# The silly stuff thread



## Clairvoyance Enough (Jul 25, 2014)

I'm trying to get more into lieder so I spent some time with Mahler's Kindertotenlieder. I was in the mood for some more dark, heartbreaking kind of stuff and I remembered seeing some praise for the songs of Charles Ives, so I tried one at random.






lol.

What are your favorite quirky or silly pieces?


----------



## Manxfeeder (Oct 19, 2010)

I've never heard that Ives piece. That is pretty quirky.

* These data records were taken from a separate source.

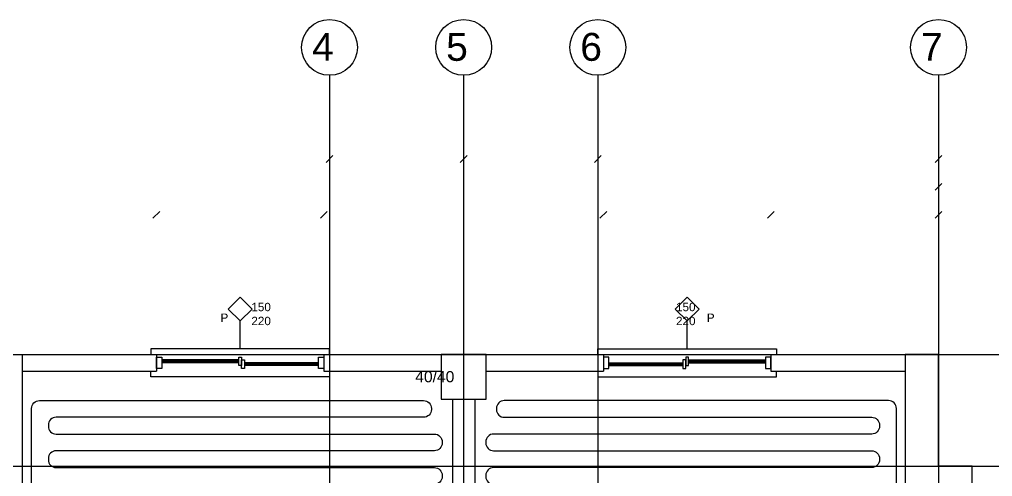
# Model space of a CAD drawing. Header units: centimetres. Extents: x -1224 to 8120, y -5771 to -1283.
# Drawn here: x -522 to 349, y -1693 to -1283 of the extents above; entities that cross this region are included whole.
import ezdxf

# ---------------------------------------------------------------- set-up
doc = ezdxf.new("R2010")
doc.units = ezdxf.units.CM
for name, color, linetype in [('ROTAS-ISITMA-PEX', 1, 'Continuous'), ('ROTAS-MIMARI', 8, 'Continuous'), ('ROTAS-MIMARI-KOLON', 8, 'Continuous'), ('ROTAS-MIMARI-YAZI', 8, 'Continuous')]:
    doc.layers.add(name, color=color, linetype=linetype)
doc.styles.add('ROTAS-YAZI', font='arial.ttf')

msp = doc.modelspace()

# ---------------------------------------------------------------- linework, layer by layer
at = {"layer": 'ROTAS-ISITMA-PEX'}
for points in [[(-510.92, -1909.44), (-510.92, -1631.44, -0.414214), (-503.92, -1624.44), (-160.08, -1624.44, -0.414214), (-153.08, -1631.44), (-153.08, -1632.44, -0.414214), (-160.08, -1639.44), (-488.92, -1639.44, 0.414214), (-495.92, -1646.44), (-495.92, -1647.44, 0.414214), (-488.92, -1654.44), (-150.5, -1654.44, -0.414214), (-143.5, -1661.44), (-143.5, -1662.44, -0.414214), (-150.5, -1669.44), (-488.92, -1669.44, 0.414214), (-495.92, -1676.44), (-495.92, -1677.44, 0.414214), (-488.92, -1684.44), (-150.5, -1684.44, -0.414214), (-143.5, -1691.44), (-143.5, -1692.44, -0.414214), (-150.5, -1699.44)], [(262.92, -1909.44), (262.92, -1631.44, 0.414214), (255.92, -1624.44), (-87.92, -1624.44, 0.414214), (-94.92, -1631.44), (-94.92, -1632.44, 0.414214), (-87.92, -1639.44), (240.92, -1639.44, -0.414214), (247.92, -1646.44), (247.92, -1647.44, -0.414214), (240.92, -1654.44), (-97.5, -1654.44, 0.414214), (-104.5, -1661.44), (-104.5, -1662.44, 0.414214), (-97.5, -1669.44), (240.92, -1669.44, -0.414214), (247.92, -1676.44), (247.92, -1677.44, -0.414214), (240.92, -1684.44), (-97.5, -1684.44, 0.414214), (-104.5, -1691.44), (-104.5, -1692.44, 0.414214), (-97.5, -1699.44)]]:
    msp.add_lwpolyline(points, format="xyb", dxfattribs=at)
at = {"layer": 'ROTAS-MIMARI'}
for points in [[(-244.27, -1333.08), (-244.27, -3298.08)], [(-124.27, -1333.08), (-124.27, -3298.08)], [(-4.27, -1333.08), (-4.27, -3298.08)], [(300.73, -1333.08), (300.73, -3298.08)], [(-241.27, -1405.08), (-247.27, -1411.08)], [(-247.27, -1411.08), (-241.27, -1405.08)], [(-127.27, -1411.08), (-121.27, -1405.08)], [(-121.27, -1405.08), (-127.27, -1411.08)], [(-7.27, -1411.08), (-1.27, -1405.08)], [(-1.27, -1405.08), (-7.27, -1411.08)], [(297.73, -1411.08), (303.73, -1405.08)], [(303.73, -1405.08), (297.73, -1411.08)], [(297.73, -1436.08), (303.73, -1430.08)], [(303.73, -1430.08), (297.73, -1436.08)], [(-402.27, -1461.08), (-396.27, -1455.08)], [(-396.27, -1455.08), (-402.27, -1461.08)], [(-252.27, -1461.08), (-246.27, -1455.08)], [(-246.27, -1455.08), (-252.27, -1461.08)], [(-2.27, -1461.08), (3.73, -1455.08)], [(3.73, -1455.08), (-2.27, -1461.08)], [(147.73, -1461.08), (153.73, -1455.08)], [(153.73, -1455.08), (147.73, -1461.08)], [(303.73, -1455.08), (297.73, -1461.08)], [(297.73, -1461.08), (303.73, -1455.08)], [(-324.27, -1578.08), (-324.27, -1553.08)], [(75.73, -1578.08), (75.73, -1553.08)], [(-1174.27, -1583.08), (925.73, -1583.08)], [(-519.27, -1583.08), (-399.27, -1583.08)], [(-244.27, -1583.08), (-244.27, -1578.08), (-404.27, -1578.08), (-404.27, -1583.08)], [(-399.27, -1583.08), (-399.27, -1598.08)], [(-249.27, -1583.08), (-249.27, -1598.08)], [(-249.27, -1583.08), (-144.27, -1583.08)], [(-104.27, -1583.08), (0.73, -1583.08)], [(-4.27, -1583.08), (-4.27, -1578.08), (155.73, -1578.08), (155.73, -1583.08)], [(0.73, -1583.08), (0.73, -1598.08)], [(150.73, -1583.08), (150.73, -1598.08)], [(150.73, -1583.08), (270.73, -1583.08)], [(-325.52, -1588.08), (-394.27, -1588.08)], [(-325.52, -1589.08), (-394.27, -1589.08)], [(-325.52, -1589.58), (-394.27, -1589.58)], [(-325.52, -1590.58), (-394.27, -1590.58)], [(-254.27, -1590.58), (-320.52, -1590.58)], [(-254.27, -1591.58), (-320.52, -1591.58)], [(-254.27, -1592.08), (-320.52, -1592.08)], [(-254.27, -1593.08), (-320.52, -1593.08)], [(5.73, -1590.58), (71.98, -1590.58)], [(5.73, -1591.58), (71.98, -1591.58)], [(5.73, -1592.08), (71.98, -1592.08)], [(5.73, -1593.08), (71.98, -1593.08)], [(76.98, -1588.08), (145.73, -1588.08)], [(76.98, -1589.08), (145.73, -1589.08)], [(76.98, -1589.58), (145.73, -1589.58)], [(76.98, -1590.58), (145.73, -1590.58)], [(-519.27, -1598.08), (-399.27, -1598.08)], [(-244.27, -1598.08), (-244.27, -1603.08), (-404.27, -1603.08), (-404.27, -1598.08)], [(-249.27, -1598.08), (-144.27, -1598.08)], [(-104.27, -1598.08), (0.73, -1598.08)], [(-4.27, -1598.08), (-4.27, -1603.08), (155.73, -1603.08), (155.73, -1598.08)], [(150.73, -1598.08), (270.73, -1598.08)], [(-134.27, -1623.08), (-134.27, -1923.08)], [(-114.27, -1623.08), (-114.27, -1923.08)], [(-1174.27, -1683.08), (925.73, -1683.08)], [(330.73, -1683.08), (375.73, -1683.08)]]:
    msp.add_lwpolyline(points, dxfattribs=at)
for points in [[(-324.27, -1553.08), (-334.87, -1542.48), (-324.27, -1531.87), (-313.66, -1542.48), (-324.27, -1553.08)], [(75.73, -1553.08), (86.34, -1542.48), (75.73, -1531.87), (65.13, -1542.48), (75.73, -1553.08)], [(-394.27, -1585.58), (-394.27, -1595.58), (-399.27, -1595.58), (-399.27, -1585.58), (-394.27, -1585.58)], [(-323.02, -1585.58), (-323.02, -1593.08), (-325.52, -1593.08), (-325.52, -1585.58), (-323.02, -1585.58)], [(-320.52, -1588.08), (-320.52, -1595.58), (-323.02, -1595.58), (-323.02, -1588.08), (-320.52, -1588.08)], [(-249.27, -1585.58), (-249.27, -1595.58), (-254.27, -1595.58), (-254.27, -1585.58), (-249.27, -1585.58)], [(0.73, -1585.58), (0.73, -1595.58), (5.73, -1595.58), (5.73, -1585.58), (0.73, -1585.58)], [(71.98, -1588.08), (71.98, -1595.58), (74.48, -1595.58), (74.48, -1588.08), (71.98, -1588.08)], [(74.48, -1585.58), (74.48, -1593.08), (76.98, -1593.08), (76.98, -1585.58), (74.48, -1585.58)], [(145.73, -1585.58), (145.73, -1595.58), (150.73, -1595.58), (150.73, -1585.58), (145.73, -1585.58)]]:
    msp.add_lwpolyline(points, close=True, dxfattribs=at)
for centre in [(-244.27, -1308.08), (-124.27, -1308.08), (-4.27, -1308.08), (300.73, -1308.08)]:
    msp.add_circle(centre, 25, dxfattribs=at)
at = {"layer": 'ROTAS-MIMARI-KOLON'}
for points in [[(-519.27, -1583.08), (-519.27, -1713.08), (-579.27, -1713.08), (-579.27, -1683.08), (-549.27, -1683.08), (-549.27, -1583.08), (-519.27, -1583.08)], [(-144.27, -1623.08), (-104.27, -1623.08), (-104.27, -1583.08), (-144.27, -1583.08), (-144.27, -1623.08)], [(270.73, -1583.08), (270.73, -1713.08), (330.73, -1713.08), (330.73, -1683.08), (300.73, -1683.08), (300.73, -1583.08), (270.73, -1583.08)]]:
    msp.add_lwpolyline(points, close=True, dxfattribs=at)

# ---------------------------------------------------------------- texts
at = {"layer": 'ROTAS-MIMARI-YAZI', "attachment_point": 1, "style": 'ROTAS-YAZI'}
for s, insert, char_height in [('4', (-259.95, -1295.14), 25), ('5', (-139.95, -1295.14), 25), ('6', (-19.95, -1295.14), 25), ('7', (285.05, -1295.14), 25), ('150\\P220', (-314.27, -1536.89), 7.5), ('150\\P220', (65.74, -1536.89), 7.5), ('P', (-341.86, -1546.51), 7.5), ('P', (93.32, -1546.51), 7.5), ('40/40', (-167.57, -1598.06), 10)]:
    msp.add_mtext(s, dxfattribs=dict(at, insert=insert, char_height=char_height))

doc.saveas('drawing.dxf')

I'm partial to PDQ Bach for silly pieces. Like his 1712 Overture.


----------



## EdwardBast (Nov 25, 2013)

I find Zappa's _Dog Breath Variations_ (a "serious" classical work) irrepressibly optimistic and silly. Never find it less than uplifting:






Okay, have to add the encore piece, G-Spot Tornado. The dancing is priceless. That is one strong woman!:


----------



## Selby (Nov 17, 2012)

I really like Susan Graham's recording of the songs of Charles Ives (with Aimard).

Thoreau:





Early spoken word at it's finest.

Ann Street:





Super quirky.


----------



## Autocrat (Nov 14, 2014)

The Hoffnung Music Festivals. I just can't source any of the recordings these days so I'm left remembering LPs played in my youth.

Edit: Just found all of it on Spotify. Awesome.


----------



## norman bates (Aug 18, 2010)

Nicolas Slonimsky - Children cry for Castoria


----------



## Kathrin (May 29, 2015)

I would like to mention pieces by Eric Saitie here.


----------



## Albert7 (Nov 16, 2014)

Okay but maybe not.


----------



## Huilunsoittaja (Apr 6, 2010)

Dohnanyi's Variations on a Nursery Rhyme for piano and orchestra. He subtitled it "For the amusement of humorous people and the annoyance of others." Dohnanyi pulls out all stops for that one, quite a joke. Especially the big bass drum hit right before the Theme begins. :lol:


----------